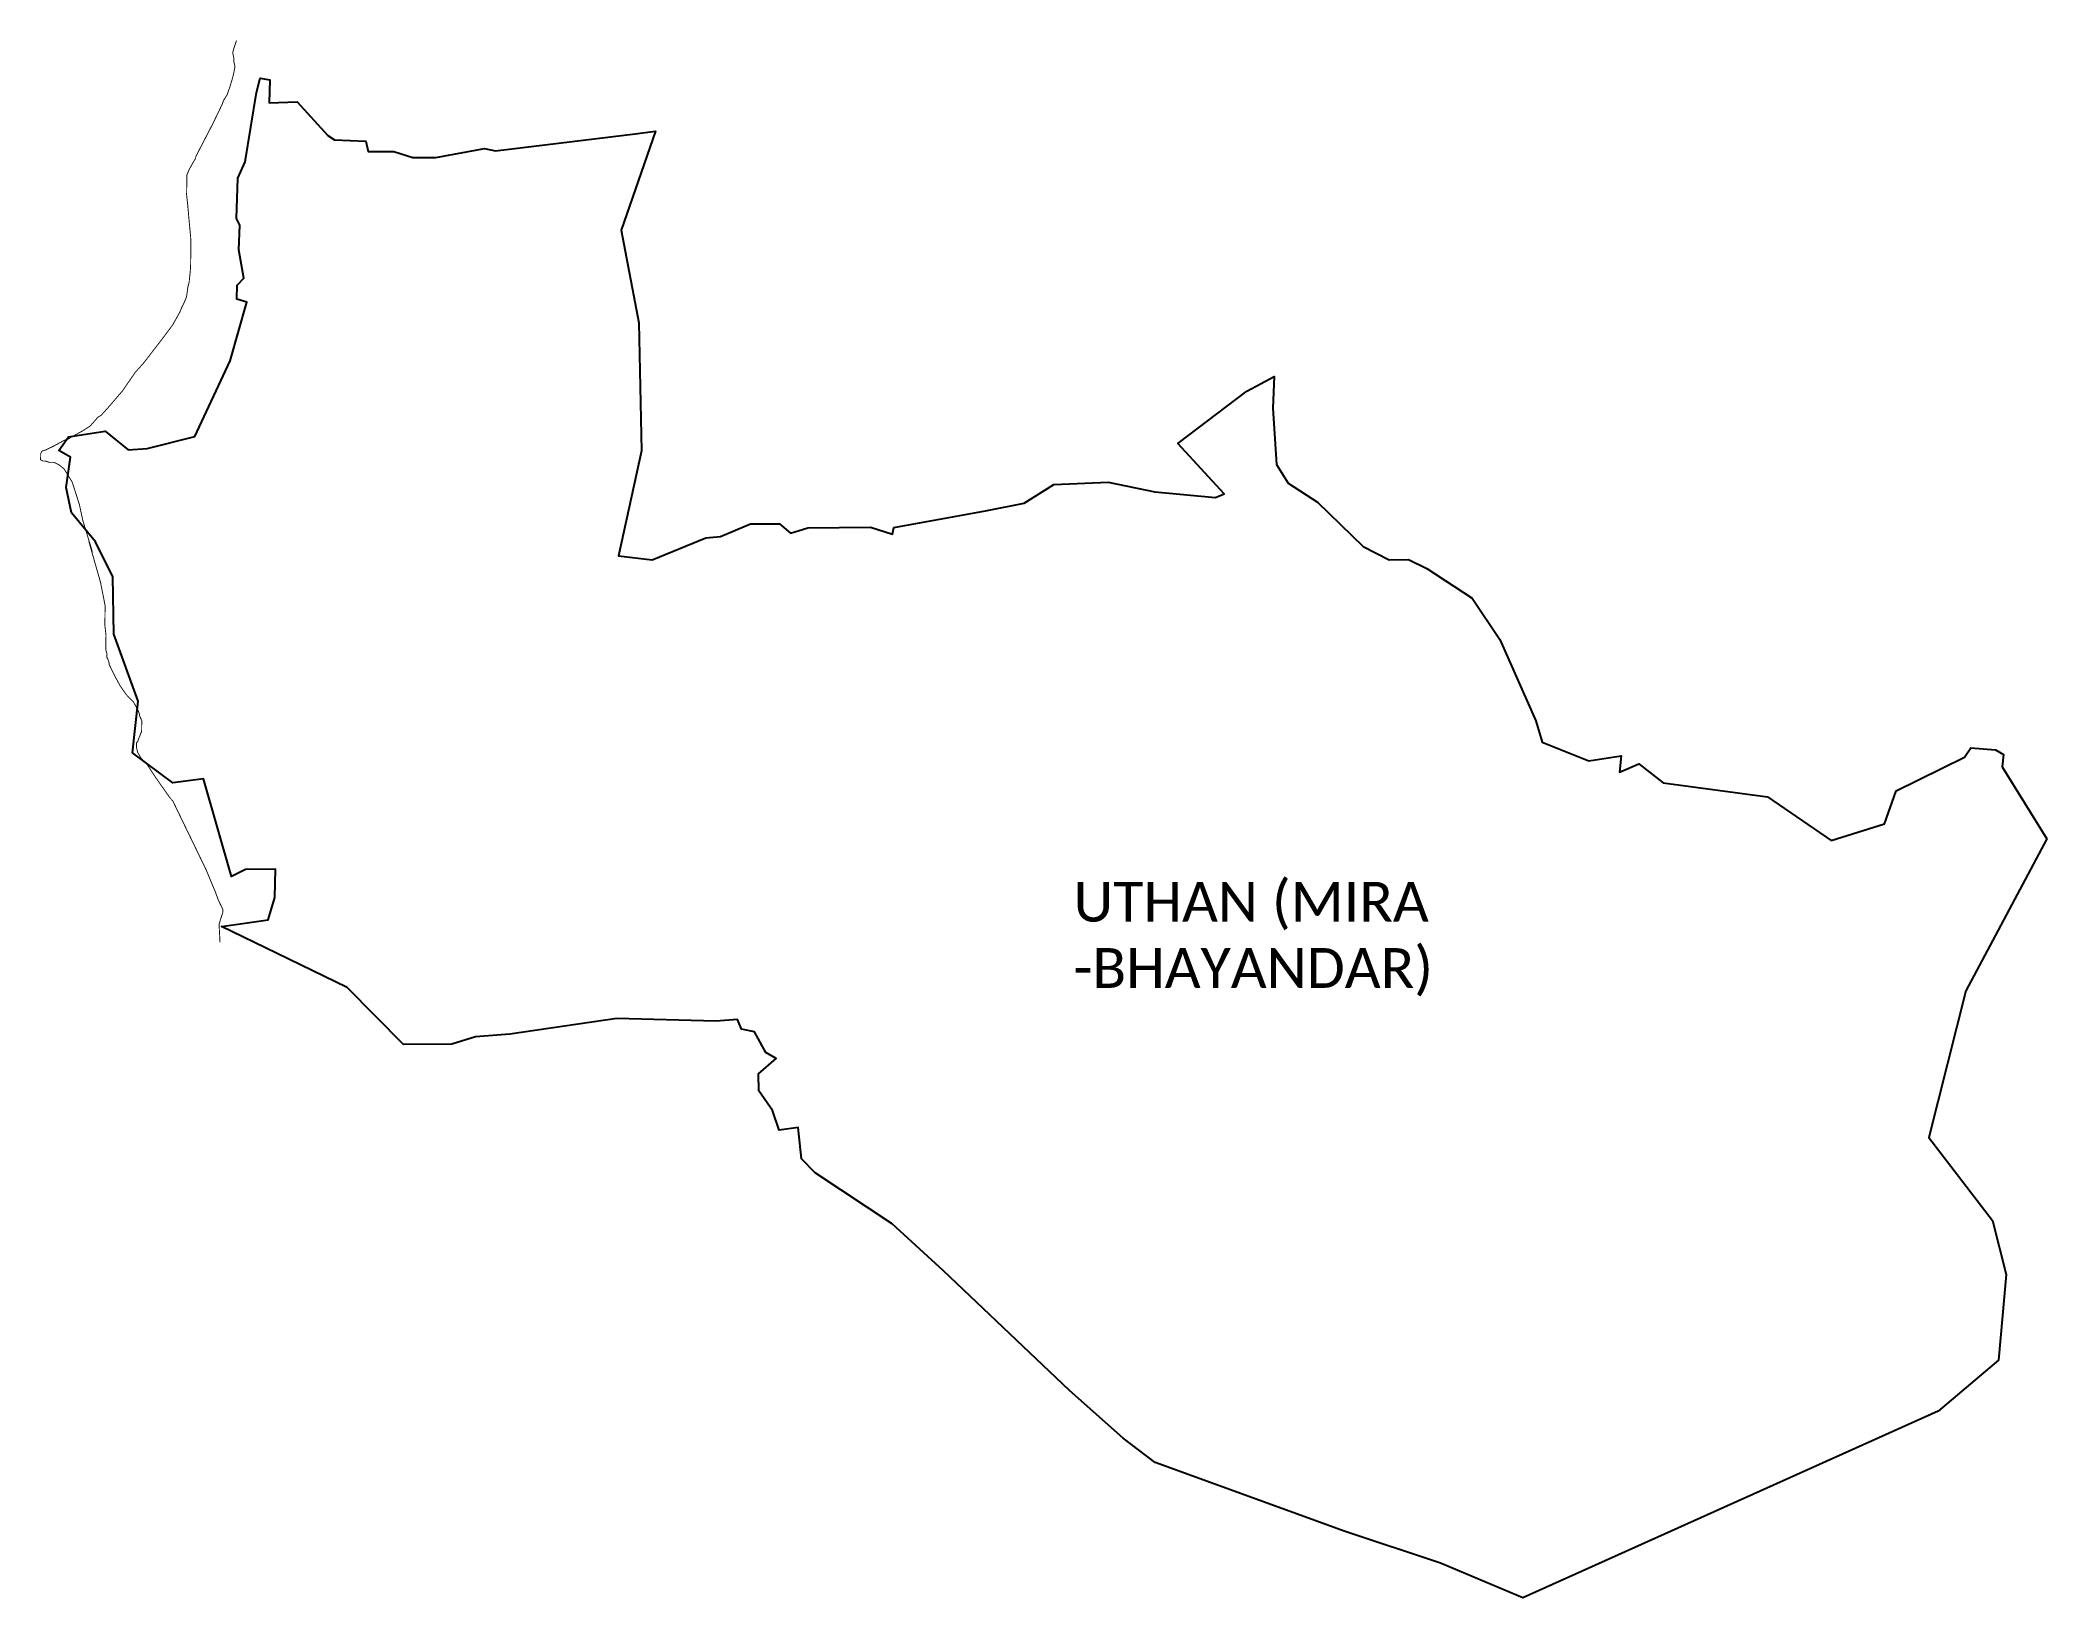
# Model space of a CAD drawing. Header units: metres. Extents: x 266497 to 272991, y 2129469 to 2134511.
import ezdxf

# ---------------------------------------------------------------- set-up
doc = ezdxf.new("R2010")
doc.units = ezdxf.units.M
for name, color, linetype in [('LOW TIDE LINE', 5, 'Continuous'), ('village', 3, 'Continuous'), ('VILLAGE NAME', 250, 'Continuous')]:
    doc.layers.add(name, color=color, linetype=linetype)
doc.styles.get("Standard").update_dxf_attribs({"font": 'simplex.shx'})

msp = doc.modelspace()

# ---------------------------------------------------------------- linework, layer by layer
at = {"layer": 'LOW TIDE LINE', "const_width": 3}
msp.add_lwpolyline([(267132.7, 2134509.5), (267124.5, 2134485.7), (267120.3, 2134469.9), (267124, 2134453.9), (267123.9, 2134442), (267127.7, 2134426), (267123.4, 2134402.2), (267119.2, 2134386.3), (267110.9, 2134358.6), (267102.6, 2134334.8), (267090.4, 2134315.1), (267086.3, 2134303.2), (267057.7, 2134243.9), (267045.5, 2134220.2), (267037.3, 2134204.4), (267000.6, 2134133.2), (267000.5, 2134129.2), (266980.2, 2134093.7), (266972, 2134073.9), (266971.2, 2134010.2), (266974.7, 2133978.4), (266978.2, 2133938.5), (266985.2, 2133862.9), (266984.1, 2133775.3), (266979.5, 2133727.6), (266975.3, 2133711.8), (266970.9, 2133680), (266962.7, 2133660.2), (266954.6, 2133644.4), (266950.4, 2133632.5), (266926, 2133589.1), (266893.6, 2133545.7), (266857.2, 2133498.4), (266832.9, 2133466.9), (266804.7, 2133435.4), (266764.1, 2133376.3), (266723.8, 2133329.1), (266695.5, 2133297.6), (266683.5, 2133289.8), (266659.3, 2133262.2), (266635.2, 2133246.6), (266607.1, 2133231.1), (266587.1, 2133219.4), (266575.1, 2133215.6), (266539.1, 2133196.1), (266515, 2133184.5), (266503.1, 2133180.7), (266499, 2133172.8), (266498.7, 2133152.9), (266506.6, 2133148.8), (266514.6, 2133148.7), (266526.5, 2133144.6), (266542.4, 2133144.4), (266558.2, 2133136.2), (266573.9, 2133124.1), (266581.7, 2133112), (266601.2, 2133080), (266624.2, 2133008), (266635.4, 2132956.2), (266662.2, 2132868.3), (266658.3, 2132876.3), (266692.6, 2132756.5), (266707.5, 2132680.7), (266706.7, 2132617.1), (266710.3, 2132585.2), (266709.7, 2132537.5), (266713.5, 2132525.5), (266713.3, 2132513.5), (266717.2, 2132505.5), (266721, 2132493.5), (266721, 2132489.6), (266736.5, 2132457.5), (266755.9, 2132421.5), (266775.4, 2132393.4), (266799, 2132369.2), (266814.5, 2132341.1), (266818.4, 2132329.2), (266818.3, 2132325.2), (266826.1, 2132309.2), (266825.6, 2132273.4), (266817.4, 2132253.6), (266813.3, 2132241.7), (266809.2, 2132237.8), (266809, 2132221.9), (266812.8, 2132205.9), (266824.5, 2132185.8), (266844.1, 2132165.7), (266867.5, 2132129.6), (266918.3, 2132057.3), (266926.2, 2132049.3), (266937.8, 2132025.2), (266957.2, 2131985.2), (267007.6, 2131881.1), (267015.3, 2131865.1), (267034.7, 2131825.1), (267057.9, 2131769.1), (267061.7, 2131761.1), (267073.3, 2131729.1), (267088.8, 2131697), (267088.7, 2131689.1), (267076.2, 2131649.5), (267079.4, 2131589.7)], dxfattribs=at)
at = {"layer": 'village', "color": 3}
msp.add_polyline3d([(272991, 2131925.6, 0), (272728.4, 2131434, 0), (272608.7, 2130959.3, 0), (272815.2, 2130690.9, 0), (272859, 2130515.5, 0), (272834.9, 2130238.4, 0), (272639, 2130073.7, 0), (271294.9, 2129469.3, 0), (271028.5, 2129581.4, 0), (270720.5, 2129684.1, 0), (270105.5, 2129907.5, 0), (270001.7, 2129986.5, 0), (269828.7, 2130140, 0), (269420.3, 2130527.4, 0), (269254.8, 2130679.7, 0), (269005, 2130845, 0), (268961.3, 2130890.5, 0), (268949.8, 2130991.7, 0), (268889, 2130983.2, 0), (268867.4, 2131046.4, 0), (268823.3, 2131110, 0), (268821.4, 2131165.8, 0), (268879.1, 2131214.7, 0), (268845.3, 2131234.8, 0), (268808.6, 2131300.9, 0), (268766.8, 2131309.5, 0), (268754.3, 2131341.5, 0), (268683.9, 2131335.8, 0), (268363.7, 2131344, 0), (268017.1, 2131293.4, 0), (267906.3, 2131285.6, 0), (267829.8, 2131261.4, 0), (267673.1, 2131260.2, 0), (267490.7, 2131444.6, 0), (267188.3, 2131591.4, 0), (267084.3, 2131641.7, 0), (267235.3, 2131664, 0), (267257, 2131736.5, 0), (267258.9, 2131828.2, 0), (267161.9, 2131826.7, 0), (267116.5, 2131803.7, 0), (267025.5, 2132120, 0), (266926.1, 2132107.2, 0), (266795.9, 2132204.5, 0), (266814.8, 2132371.8, 0), (266736, 2132588.6, 0), (266732.6, 2132774.1, 0), (266676.1, 2132887.6, 0), (266598.5, 2132981.6, 0), (266581.4, 2133063.5, 0), (266595.6, 2133161, 0), (266558.2, 2133182.8, 0), (266588.5, 2133227.4, 0), (266707.5, 2133245.4, 0), (266782.3, 2133185.3, 0), (266843.5, 2133189.1, 0), (266998, 2133228.3, 0), (267112.2, 2133473, 0), (267166.4, 2133663.3, 0), (267133.6, 2133672.2, 0), (267135, 2133717.5, 0), (267156, 2133740.4, 0), (267140.1, 2133832.4, 0), (267143.5, 2133912.5, 0), (267132.5, 2133933.4, 0), (267136.5, 2134063.8, 0), (267160.5, 2134117.3, 0), (267196.9, 2134341.8, 0), (267209.5, 2134387.6, 0), (267240.2, 2134382.8, 0), (267238.7, 2134308.6, 0), (267329.1, 2134311.4, 0), (267427.9, 2134202.5, 0), (267450.3, 2134187.9, 0), (267550.9, 2134184.2, 0), (267558.5, 2134150.4, 0), (267641.3, 2134150.3, 0), (267703.7, 2134131, 0), (267778, 2134130.9, 0), (267935, 2134160.3, 0), (267971.3, 2134152.7, 0), (268422.7, 2134207.9, 0), (268488.3, 2134215.9, 0), (268377.8, 2133896.4, 0), (268434.8, 2133596.2, 0), (268442.7, 2133181.8, 0), (268368.6, 2132841.4, 0), (268477.8, 2132828.6, 0), (268651.2, 2132900.5, 0), (268698.6, 2132904.1, 0), (268795.8, 2132945.1, 0), (268889.8, 2132945.2, 0), (268925.6, 2132915.4, 0), (268981.7, 2132932.9, 0), (269184.8, 2132934.2, 0), (269255.6, 2132911.6, 0), (269259.3, 2132933.8, 0), (269555.9, 2132987.3, 0), (269681.3, 2133012.7, 0), (269778, 2133073, 0), (269953, 2133080.3, 0), (270104.6, 2133049.4, 0), (270300.8, 2133030.5, 0), (270328.8, 2133042.6, 0), (270178.3, 2133205.3, 0), (270402.5, 2133374.5, 0), (270490.6, 2133422.5, 0), (270486.6, 2133320.2, 0), (270497.8, 2133137.6, 0), (270535.4, 2133076.7, 0), (270631.1, 2133015.8, 0), (270778.4, 2132872.5, 0), (270862.4, 2132828.7, 0), (270925.1, 2132830.3, 0), (270984.1, 2132801.1, 0), (271130.9, 2132704.7, 0), (271221, 2132571.4, 0), (271336.8, 2132307.7, 0), (271358.2, 2132238.7, 0), (271508.3, 2132178.7, 0), (271613.4, 2132194.8, 0), (271608.2, 2132141.7, 0), (271670.3, 2132168.6, 0), (271749.2, 2132106.9, 0), (272087, 2132061.6, 0), (272292.8, 2131920.6, 0), (272465.4, 2131974.9, 0), (272503, 2132081.8, 0), (272724.4, 2132189.9, 0), (272744.5, 2132220.5, 0), (272824.6, 2132214.3, 0), (272851.1, 2132198.6, 0), (272846.5, 2132158.6, 0)], close=True, dxfattribs=at)

# ---------------------------------------------------------------- texts
at = {"layer": 'VILLAGE NAME', "insert": (269841.1, 2131786.7), "char_height": 128.647, "attachment_point": 1}
msp.add_mtext_dynamic_manual_height_columns('{\\fCalibri|b0|i0|c0|p34;UTHAN (MIRA -BHAYANDAR)}', width=1449.11, gutter_width=643.2, heights=[0], dxfattribs=at)

doc.saveas('drawing.dxf')
----------------
## EXERCISE GOAL:
Only these lines should appear in the reply: the one containing "gutter_width=643.2, heights=[0], dxfattribs=at)", the last line of the data, and all lines between them, each copied exactly.

## RESPONSE TO THIS EXERCISE:
msp.add_mtext_dynamic_manual_height_columns('{\\fCalibri|b0|i0|c0|p34;UTHAN (MIRA -BHAYANDAR)}', width=1449.11, gutter_width=643.2, heights=[0], dxfattribs=at)

doc.saveas('drawing.dxf')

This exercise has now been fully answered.